| Requirement |
All lines of the entries with "mechanical" in them must be listed.

Data extracted from a collection:
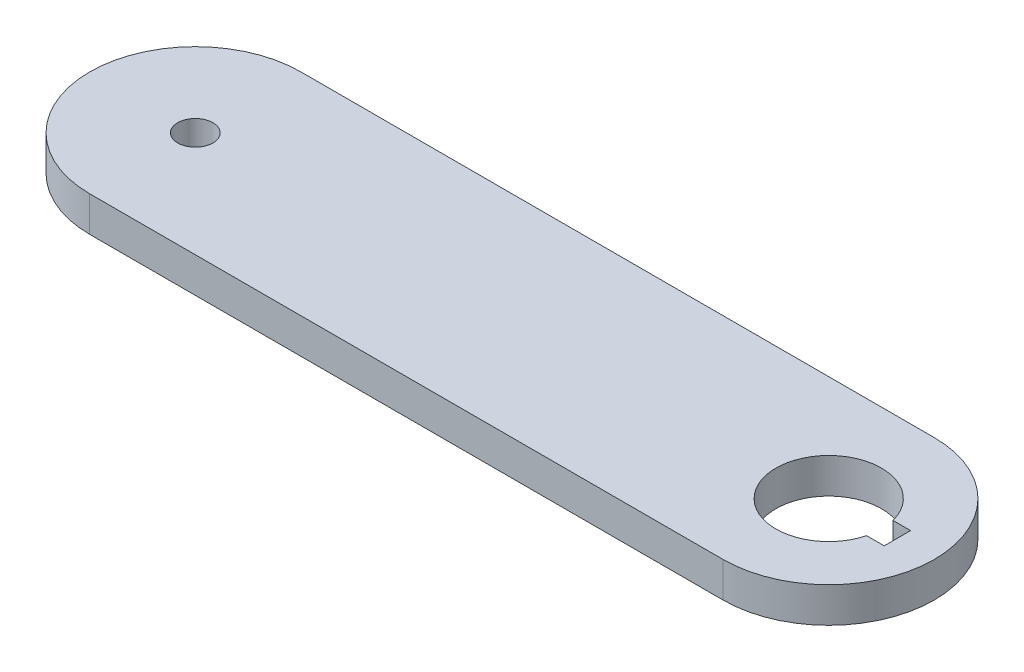
ISO-10303-21;
HEADER;
FILE_DESCRIPTION(('STEP AP214'),'2;1');
FILE_NAME('part.step','',(''),(''),'','','');
FILE_SCHEMA(('AUTOMOTIVE_DESIGN { 1 0 10303 214 1 1 1 1 }'));
ENDSEC;
DATA;
#1=APPLICATION_CONTEXT('core data for automotive mechanical design processes');
#2=APPLICATION_PROTOCOL_DEFINITION('international standard','automotive_design',2000,#1);
#3=PRODUCT_CONTEXT('',#1,'mechanical');
#4=PRODUCT('Part','Part','',(#3));
#5=PRODUCT_RELATED_PRODUCT_CATEGORY('part','',(#4));
#6=PRODUCT_DEFINITION_FORMATION('','',#4);
#7=PRODUCT_DEFINITION_CONTEXT('part definition',#1,'design');
#8=PRODUCT_DEFINITION('design','',#6,#7);
#9=PRODUCT_DEFINITION_SHAPE('','',#8);
#10=(LENGTH_UNIT() NAMED_UNIT(*) SI_UNIT(.MILLI.,.METRE.));
#11=(NAMED_UNIT(*) PLANE_ANGLE_UNIT() SI_UNIT($,.RADIAN.));
#12=(NAMED_UNIT(*) SI_UNIT($,.STERADIAN.) SOLID_ANGLE_UNIT());
#13=UNCERTAINTY_MEASURE_WITH_UNIT(LENGTH_MEASURE(1.E-05),#10,'distance_accuracy_value','');
#14=(GEOMETRIC_REPRESENTATION_CONTEXT(3) GLOBAL_UNCERTAINTY_ASSIGNED_CONTEXT((#13)) GLOBAL_UNIT_ASSIGNED_CONTEXT((#10,
#11,#12)) REPRESENTATION_CONTEXT('',''));
#15=CARTESIAN_POINT('',(0.,0.,0.));
#16=DIRECTION('',(0.,0.,1.));
#17=DIRECTION('',(1.,0.,0.));
#18=AXIS2_PLACEMENT_3D('',#15,#16,#17);
#19=CARTESIAN_POINT('',(0.,6.34999999999999,0.));
#20=DIRECTION('',(0.,1.,0.));
#21=DIRECTION('',(0.,0.,1.));
#22=AXIS2_PLACEMENT_3D('',#19,#20,#21);
#23=PLANE('',#22);
#24=CARTESIAN_POINT('',(0.,6.34999999999999,0.));
#25=DIRECTION('',(0.,1.,0.));
#26=DIRECTION('',(0.,0.,1.));
#27=AXIS2_PLACEMENT_3D('',#24,#25,#26);
#28=CIRCLE('',#27,3.175);
#29=CARTESIAN_POINT('',(0.,6.34999999999999,3.175));
#30=VERTEX_POINT('',#29);
#31=EDGE_CURVE('E263',#30,#30,#28,.T.);
#32=ORIENTED_EDGE('',*,*,#31,.F.);
#33=EDGE_LOOP('',(#32));
#34=FACE_BOUND('',#33,.T.);
#35=CARTESIAN_POINT('',(0.,6.34999999999999,0.));
#36=DIRECTION('',(0.,1.,0.));
#37=DIRECTION('',(0.,0.,1.));
#38=AXIS2_PLACEMENT_3D('',#35,#36,#37);
#39=CIRCLE('',#38,19.05);
#40=CARTESIAN_POINT('',(0.,6.35000000000001,-19.05));
#41=VERTEX_POINT('',#40);
#42=CARTESIAN_POINT('',(0.,6.34999999999999,19.05));
#43=VERTEX_POINT('',#42);
#44=EDGE_CURVE('E162',#41,#43,#39,.T.);
#45=ORIENTED_EDGE('',*,*,#44,.T.);
#46=DIRECTION('',(1.,0.,0.));
#47=VECTOR('',#46,1.);
#48=CARTESIAN_POINT('',(0.,6.34999999999999,19.05));
#49=LINE('',#48,#47);
#50=CARTESIAN_POINT('',(114.3,6.34999999999999,19.05));
#51=VERTEX_POINT('',#50);
#52=EDGE_CURVE('E166',#43,#51,#49,.T.);
#53=ORIENTED_EDGE('',*,*,#52,.T.);
#54=CARTESIAN_POINT('',(114.3,6.34999999999999,0.));
#55=DIRECTION('',(0.,1.,0.));
#56=DIRECTION('',(0.,0.,1.));
#57=AXIS2_PLACEMENT_3D('',#54,#55,#56);
#58=CIRCLE('',#57,19.05);
#59=CARTESIAN_POINT('',(114.3,6.34999999999999,-19.05));
#60=VERTEX_POINT('',#59);
#61=EDGE_CURVE('E170',#51,#60,#58,.T.);
#62=ORIENTED_EDGE('',*,*,#61,.T.);
#63=DIRECTION('',(-1.,0.,0.));
#64=VECTOR('',#63,1.);
#65=CARTESIAN_POINT('',(0.,6.35000000000001,-19.05));
#66=LINE('',#65,#64);
#67=EDGE_CURVE('E173',#60,#41,#66,.T.);
#68=ORIENTED_EDGE('',*,*,#67,.T.);
#69=EDGE_LOOP('',(#45,#53,#62,#68));
#70=FACE_BOUND('',#69,.T.);
#71=DIRECTION('',(1.,0.,0.));
#72=VECTOR('',#71,1.);
#73=CARTESIAN_POINT('',(123.522541593156,6.34999999999999,2.38124999999999));
#74=LINE('',#73,#72);
#75=CARTESIAN_POINT('',(123.522541593156,6.34999999999999,2.38124999999999));
#76=VERTEX_POINT('',#75);
#77=CARTESIAN_POINT('',(126.697541593156,6.34999999999999,2.38124999999999));
#78=VERTEX_POINT('',#77);
#79=EDGE_CURVE('E119',#76,#78,#74,.T.);
#80=ORIENTED_EDGE('',*,*,#79,.F.);
#81=CARTESIAN_POINT('',(114.3,6.34999999999999,0.));
#82=DIRECTION('',(0.,1.,0.));
#83=DIRECTION('',(0.,0.,1.));
#84=AXIS2_PLACEMENT_3D('',#81,#82,#83);
#85=CIRCLE('',#84,9.525);
#86=CARTESIAN_POINT('',(123.522541593156,6.34999999999999,-2.38125000000002));
#87=VERTEX_POINT('',#86);
#88=EDGE_CURVE('E110',#87,#76,#85,.T.);
#89=ORIENTED_EDGE('',*,*,#88,.F.);
#90=DIRECTION('',(-1.,0.,0.));
#91=VECTOR('',#90,1.);
#92=CARTESIAN_POINT('',(123.522541593156,6.34999999999999,-2.38125000000002));
#93=LINE('',#92,#91);
#94=CARTESIAN_POINT('',(126.697541593156,6.34999999999999,-2.38125));
#95=VERTEX_POINT('',#94);
#96=EDGE_CURVE('E138',#95,#87,#93,.T.);
#97=ORIENTED_EDGE('',*,*,#96,.F.);
#98=DIRECTION('',(0.,0.,-1.));
#99=VECTOR('',#98,1.);
#100=CARTESIAN_POINT('',(126.697541593156,6.34999999999999,2.38124999999999));
#101=LINE('',#100,#99);
#102=EDGE_CURVE('E132',#78,#95,#101,.T.);
#103=ORIENTED_EDGE('',*,*,#102,.F.);
#104=EDGE_LOOP('',(#80,#89,#97,#103));
#105=FACE_BOUND('',#104,.T.);
#106=ADVANCED_FACE('F44',(#34,#70,#105),#23,.T.);
#107=CARTESIAN_POINT('',(0.,0.,0.));
#108=DIRECTION('',(0.,1.,0.));
#109=DIRECTION('',(0.,0.,1.));
#110=AXIS2_PLACEMENT_3D('',#107,#108,#109);
#111=PLANE('',#110);
#112=CARTESIAN_POINT('',(0.,0.,0.));
#113=DIRECTION('',(0.,1.,0.));
#114=DIRECTION('',(0.,0.,1.));
#115=AXIS2_PLACEMENT_3D('',#112,#113,#114);
#116=CIRCLE('',#115,3.175);
#117=CARTESIAN_POINT('',(0.,0.,3.175));
#118=VERTEX_POINT('',#117);
#119=EDGE_CURVE('E146',#118,#118,#116,.T.);
#120=ORIENTED_EDGE('',*,*,#119,.T.);
#121=EDGE_LOOP('',(#120));
#122=FACE_BOUND('',#121,.T.);
#123=CARTESIAN_POINT('',(0.,0.,0.));
#124=DIRECTION('',(0.,1.,0.));
#125=DIRECTION('',(0.,0.,1.));
#126=AXIS2_PLACEMENT_3D('',#123,#124,#125);
#127=CIRCLE('',#126,19.05);
#128=CARTESIAN_POINT('',(0.,0.,-19.05));
#129=VERTEX_POINT('',#128);
#130=CARTESIAN_POINT('',(0.,0.,19.05));
#131=VERTEX_POINT('',#130);
#132=EDGE_CURVE('E128',#129,#131,#127,.T.);
#133=ORIENTED_EDGE('',*,*,#132,.F.);
#134=DIRECTION('',(-1.,0.,0.));
#135=VECTOR('',#134,1.);
#136=CARTESIAN_POINT('',(0.,0.,-19.05));
#137=LINE('',#136,#135);
#138=CARTESIAN_POINT('',(114.3,0.,-19.05));
#139=VERTEX_POINT('',#138);
#140=EDGE_CURVE('E167',#139,#129,#137,.T.);
#141=ORIENTED_EDGE('',*,*,#140,.F.);
#142=CARTESIAN_POINT('',(114.3,0.,0.));
#143=DIRECTION('',(0.,1.,0.));
#144=DIRECTION('',(0.,0.,1.));
#145=AXIS2_PLACEMENT_3D('',#142,#143,#144);
#146=CIRCLE('',#145,19.05);
#147=CARTESIAN_POINT('',(114.3,0.,19.05));
#148=VERTEX_POINT('',#147);
#149=EDGE_CURVE('E183',#148,#139,#146,.T.);
#150=ORIENTED_EDGE('',*,*,#149,.F.);
#151=DIRECTION('',(1.,0.,0.));
#152=VECTOR('',#151,1.);
#153=CARTESIAN_POINT('',(0.,0.,19.05));
#154=LINE('',#153,#152);
#155=EDGE_CURVE('E180',#131,#148,#154,.T.);
#156=ORIENTED_EDGE('',*,*,#155,.F.);
#157=EDGE_LOOP('',(#133,#141,#150,#156));
#158=FACE_BOUND('',#157,.T.);
#159=CARTESIAN_POINT('',(114.3,0.,0.));
#160=DIRECTION('',(0.,1.,0.));
#161=DIRECTION('',(0.,0.,1.));
#162=AXIS2_PLACEMENT_3D('',#159,#160,#161);
#163=CIRCLE('',#162,9.525);
#164=CARTESIAN_POINT('',(123.522541593156,0.,-2.38125000000002));
#165=VERTEX_POINT('',#164);
#166=CARTESIAN_POINT('',(123.522541593156,0.,2.38124999999999));
#167=VERTEX_POINT('',#166);
#168=EDGE_CURVE('E68',#165,#167,#163,.T.);
#169=ORIENTED_EDGE('',*,*,#168,.T.);
#170=DIRECTION('',(1.,0.,0.));
#171=VECTOR('',#170,1.);
#172=CARTESIAN_POINT('',(123.522541593156,0.,2.38124999999999));
#173=LINE('',#172,#171);
#174=CARTESIAN_POINT('',(126.697541593156,0.,2.38124999999999));
#175=VERTEX_POINT('',#174);
#176=EDGE_CURVE('E126',#167,#175,#173,.T.);
#177=ORIENTED_EDGE('',*,*,#176,.T.);
#178=DIRECTION('',(0.,0.,-1.));
#179=VECTOR('',#178,1.);
#180=CARTESIAN_POINT('',(126.697541593156,0.,2.38124999999999));
#181=LINE('',#180,#179);
#182=CARTESIAN_POINT('',(126.697541593156,0.,-2.38125));
#183=VERTEX_POINT('',#182);
#184=EDGE_CURVE('E149',#175,#183,#181,.T.);
#185=ORIENTED_EDGE('',*,*,#184,.T.);
#186=DIRECTION('',(-1.,0.,0.));
#187=VECTOR('',#186,1.);
#188=CARTESIAN_POINT('',(123.522541593156,0.,-2.38125000000002));
#189=LINE('',#188,#187);
#190=EDGE_CURVE('E120',#183,#165,#189,.T.);
#191=ORIENTED_EDGE('',*,*,#190,.T.);
#192=EDGE_LOOP('',(#169,#177,#185,#191));
#193=FACE_BOUND('',#192,.T.);
#194=ADVANCED_FACE('F208',(#122,#158,#193),#111,.F.);
#195=CARTESIAN_POINT('',(0.,6.34999999999999,0.));
#196=DIRECTION('',(0.,-1.,0.));
#197=DIRECTION('',(0.,0.,-1.));
#198=AXIS2_PLACEMENT_3D('',#195,#196,#197);
#199=CYLINDRICAL_SURFACE('',#198,19.05);
#200=ORIENTED_EDGE('',*,*,#132,.T.);
#201=DIRECTION('',(0.,-1.,0.));
#202=VECTOR('',#201,1.);
#203=CARTESIAN_POINT('',(0.,6.34999999999999,19.05));
#204=LINE('',#203,#202);
#205=EDGE_CURVE('E11',#43,#131,#204,.T.);
#206=ORIENTED_EDGE('',*,*,#205,.F.);
#207=ORIENTED_EDGE('',*,*,#44,.F.);
#208=DIRECTION('',(0.,-1.,0.));
#209=VECTOR('',#208,1.);
#210=CARTESIAN_POINT('',(0.,6.35000000000001,-19.05));
#211=LINE('',#210,#209);
#212=EDGE_CURVE('E176',#41,#129,#211,.T.);
#213=ORIENTED_EDGE('',*,*,#212,.T.);
#214=EDGE_LOOP('',(#200,#206,#207,#213));
#215=FACE_BOUND('',#214,.T.);
#216=ADVANCED_FACE('F46',(#215),#199,.T.);
#217=CARTESIAN_POINT('',(0.,6.34999999999999,19.05));
#218=DIRECTION('',(0.,0.,-1.));
#219=DIRECTION('',(-1.,0.,0.));
#220=AXIS2_PLACEMENT_3D('',#217,#218,#219);
#221=PLANE('',#220);
#222=ORIENTED_EDGE('',*,*,#155,.T.);
#223=DIRECTION('',(0.,-1.,0.));
#224=VECTOR('',#223,1.);
#225=CARTESIAN_POINT('',(114.3,6.34999999999999,19.05));
#226=LINE('',#225,#224);
#227=EDGE_CURVE('E53',#51,#148,#226,.T.);
#228=ORIENTED_EDGE('',*,*,#227,.F.);
#229=ORIENTED_EDGE('',*,*,#52,.F.);
#230=ORIENTED_EDGE('',*,*,#205,.T.);
#231=EDGE_LOOP('',(#222,#228,#229,#230));
#232=FACE_BOUND('',#231,.T.);
#233=ADVANCED_FACE('F218',(#232),#221,.F.);
#234=CARTESIAN_POINT('',(114.3,6.34999999999999,0.));
#235=DIRECTION('',(0.,-1.,0.));
#236=DIRECTION('',(0.,0.,-1.));
#237=AXIS2_PLACEMENT_3D('',#234,#235,#236);
#238=CYLINDRICAL_SURFACE('',#237,19.05);
#239=ORIENTED_EDGE('',*,*,#149,.T.);
#240=DIRECTION('',(0.,-1.,0.));
#241=VECTOR('',#240,1.);
#242=CARTESIAN_POINT('',(114.3,6.34999999999999,-19.05));
#243=LINE('',#242,#241);
#244=EDGE_CURVE('E191',#60,#139,#243,.T.);
#245=ORIENTED_EDGE('',*,*,#244,.F.);
#246=ORIENTED_EDGE('',*,*,#61,.F.);
#247=ORIENTED_EDGE('',*,*,#227,.T.);
#248=EDGE_LOOP('',(#239,#245,#246,#247));
#249=FACE_BOUND('',#248,.T.);
#250=ADVANCED_FACE('F202',(#249),#238,.T.);
#251=CARTESIAN_POINT('',(0.,6.35000000000001,-19.05));
#252=DIRECTION('',(0.,0.,1.));
#253=DIRECTION('',(1.,0.,0.));
#254=AXIS2_PLACEMENT_3D('',#251,#252,#253);
#255=PLANE('',#254);
#256=ORIENTED_EDGE('',*,*,#140,.T.);
#257=ORIENTED_EDGE('',*,*,#212,.F.);
#258=ORIENTED_EDGE('',*,*,#67,.F.);
#259=ORIENTED_EDGE('',*,*,#244,.T.);
#260=EDGE_LOOP('',(#256,#257,#258,#259));
#261=FACE_BOUND('',#260,.T.);
#262=ADVANCED_FACE('F212',(#261),#255,.F.);
#263=CARTESIAN_POINT('',(114.3,6.34999999999999,0.));
#264=DIRECTION('',(0.,-1.,0.));
#265=DIRECTION('',(0.,0.,-1.));
#266=AXIS2_PLACEMENT_3D('',#263,#264,#265);
#267=CYLINDRICAL_SURFACE('',#266,9.525);
#268=ORIENTED_EDGE('',*,*,#168,.F.);
#269=DIRECTION('',(0.,-1.,0.));
#270=VECTOR('',#269,1.);
#271=CARTESIAN_POINT('',(123.522541593156,6.34999999999999,-2.38125000000002));
#272=LINE('',#271,#270);
#273=EDGE_CURVE('E114',#87,#165,#272,.T.);
#274=ORIENTED_EDGE('',*,*,#273,.F.);
#275=ORIENTED_EDGE('',*,*,#88,.T.);
#276=DIRECTION('',(0.,-1.,0.));
#277=VECTOR('',#276,1.);
#278=CARTESIAN_POINT('',(123.522541593156,6.34999999999999,2.38124999999999));
#279=LINE('',#278,#277);
#280=EDGE_CURVE('E113',#76,#167,#279,.T.);
#281=ORIENTED_EDGE('',*,*,#280,.T.);
#282=EDGE_LOOP('',(#268,#274,#275,#281));
#283=FACE_BOUND('',#282,.T.);
#284=ADVANCED_FACE('F112',(#283),#267,.F.);
#285=CARTESIAN_POINT('',(123.522541593156,6.34999999999999,2.38124999999999));
#286=DIRECTION('',(0.,0.,-1.));
#287=DIRECTION('',(-1.,0.,0.));
#288=AXIS2_PLACEMENT_3D('',#285,#286,#287);
#289=PLANE('',#288);
#290=ORIENTED_EDGE('',*,*,#176,.F.);
#291=ORIENTED_EDGE('',*,*,#280,.F.);
#292=ORIENTED_EDGE('',*,*,#79,.T.);
#293=DIRECTION('',(0.,-1.,0.));
#294=VECTOR('',#293,1.);
#295=CARTESIAN_POINT('',(126.697541593156,6.34999999999999,2.38124999999999));
#296=LINE('',#295,#294);
#297=EDGE_CURVE('E129',#78,#175,#296,.T.);
#298=ORIENTED_EDGE('',*,*,#297,.T.);
#299=EDGE_LOOP('',(#290,#291,#292,#298));
#300=FACE_BOUND('',#299,.T.);
#301=ADVANCED_FACE('F123',(#300),#289,.T.);
#302=CARTESIAN_POINT('',(126.697541593156,6.34999999999999,2.38124999999999));
#303=DIRECTION('',(-1.,0.,0.));
#304=DIRECTION('',(0.,0.,1.));
#305=AXIS2_PLACEMENT_3D('',#302,#303,#304);
#306=PLANE('',#305);
#307=ORIENTED_EDGE('',*,*,#184,.F.);
#308=ORIENTED_EDGE('',*,*,#297,.F.);
#309=ORIENTED_EDGE('',*,*,#102,.T.);
#310=DIRECTION('',(0.,-1.,0.));
#311=VECTOR('',#310,1.);
#312=CARTESIAN_POINT('',(126.697541593156,6.34999999999999,-2.38125));
#313=LINE('',#312,#311);
#314=EDGE_CURVE('E60',#95,#183,#313,.T.);
#315=ORIENTED_EDGE('',*,*,#314,.T.);
#316=EDGE_LOOP('',(#307,#308,#309,#315));
#317=FACE_BOUND('',#316,.T.);
#318=ADVANCED_FACE('F244',(#317),#306,.T.);
#319=CARTESIAN_POINT('',(123.522541593156,6.34999999999999,-2.38125000000002));
#320=DIRECTION('',(0.,0.,1.));
#321=DIRECTION('',(1.,0.,0.));
#322=AXIS2_PLACEMENT_3D('',#319,#320,#321);
#323=PLANE('',#322);
#324=ORIENTED_EDGE('',*,*,#190,.F.);
#325=ORIENTED_EDGE('',*,*,#314,.F.);
#326=ORIENTED_EDGE('',*,*,#96,.T.);
#327=ORIENTED_EDGE('',*,*,#273,.T.);
#328=EDGE_LOOP('',(#324,#325,#326,#327));
#329=FACE_BOUND('',#328,.T.);
#330=ADVANCED_FACE('F248',(#329),#323,.T.);
#331=CARTESIAN_POINT('',(0.,0.,0.));
#332=DIRECTION('',(0.,1.,0.));
#333=DIRECTION('',(0.,0.,1.));
#334=AXIS2_PLACEMENT_3D('',#331,#332,#333);
#335=CYLINDRICAL_SURFACE('',#334,3.175);
#336=ORIENTED_EDGE('',*,*,#119,.F.);
#337=EDGE_LOOP('',(#336));
#338=FACE_BOUND('',#337,.T.);
#339=ORIENTED_EDGE('',*,*,#31,.T.);
#340=EDGE_LOOP('',(#339));
#341=FACE_BOUND('',#340,.T.);
#342=ADVANCED_FACE('F254',(#338,#341),#335,.F.);
#343=CLOSED_SHELL('',(#106,#194,#216,#233,#250,#262,#284,#301,#318,#330,#342));
#344=MANIFOLD_SOLID_BREP('B2',#343);
#345=ADVANCED_BREP_SHAPE_REPRESENTATION('',(#18,#344),#14);
#346=SHAPE_DEFINITION_REPRESENTATION(#9,#345);
ENDSEC;
END-ISO-10303-21;

| Written solution |
#1=APPLICATION_CONTEXT('core data for automotive mechanical design processes');
#3=PRODUCT_CONTEXT('',#1,'mechanical');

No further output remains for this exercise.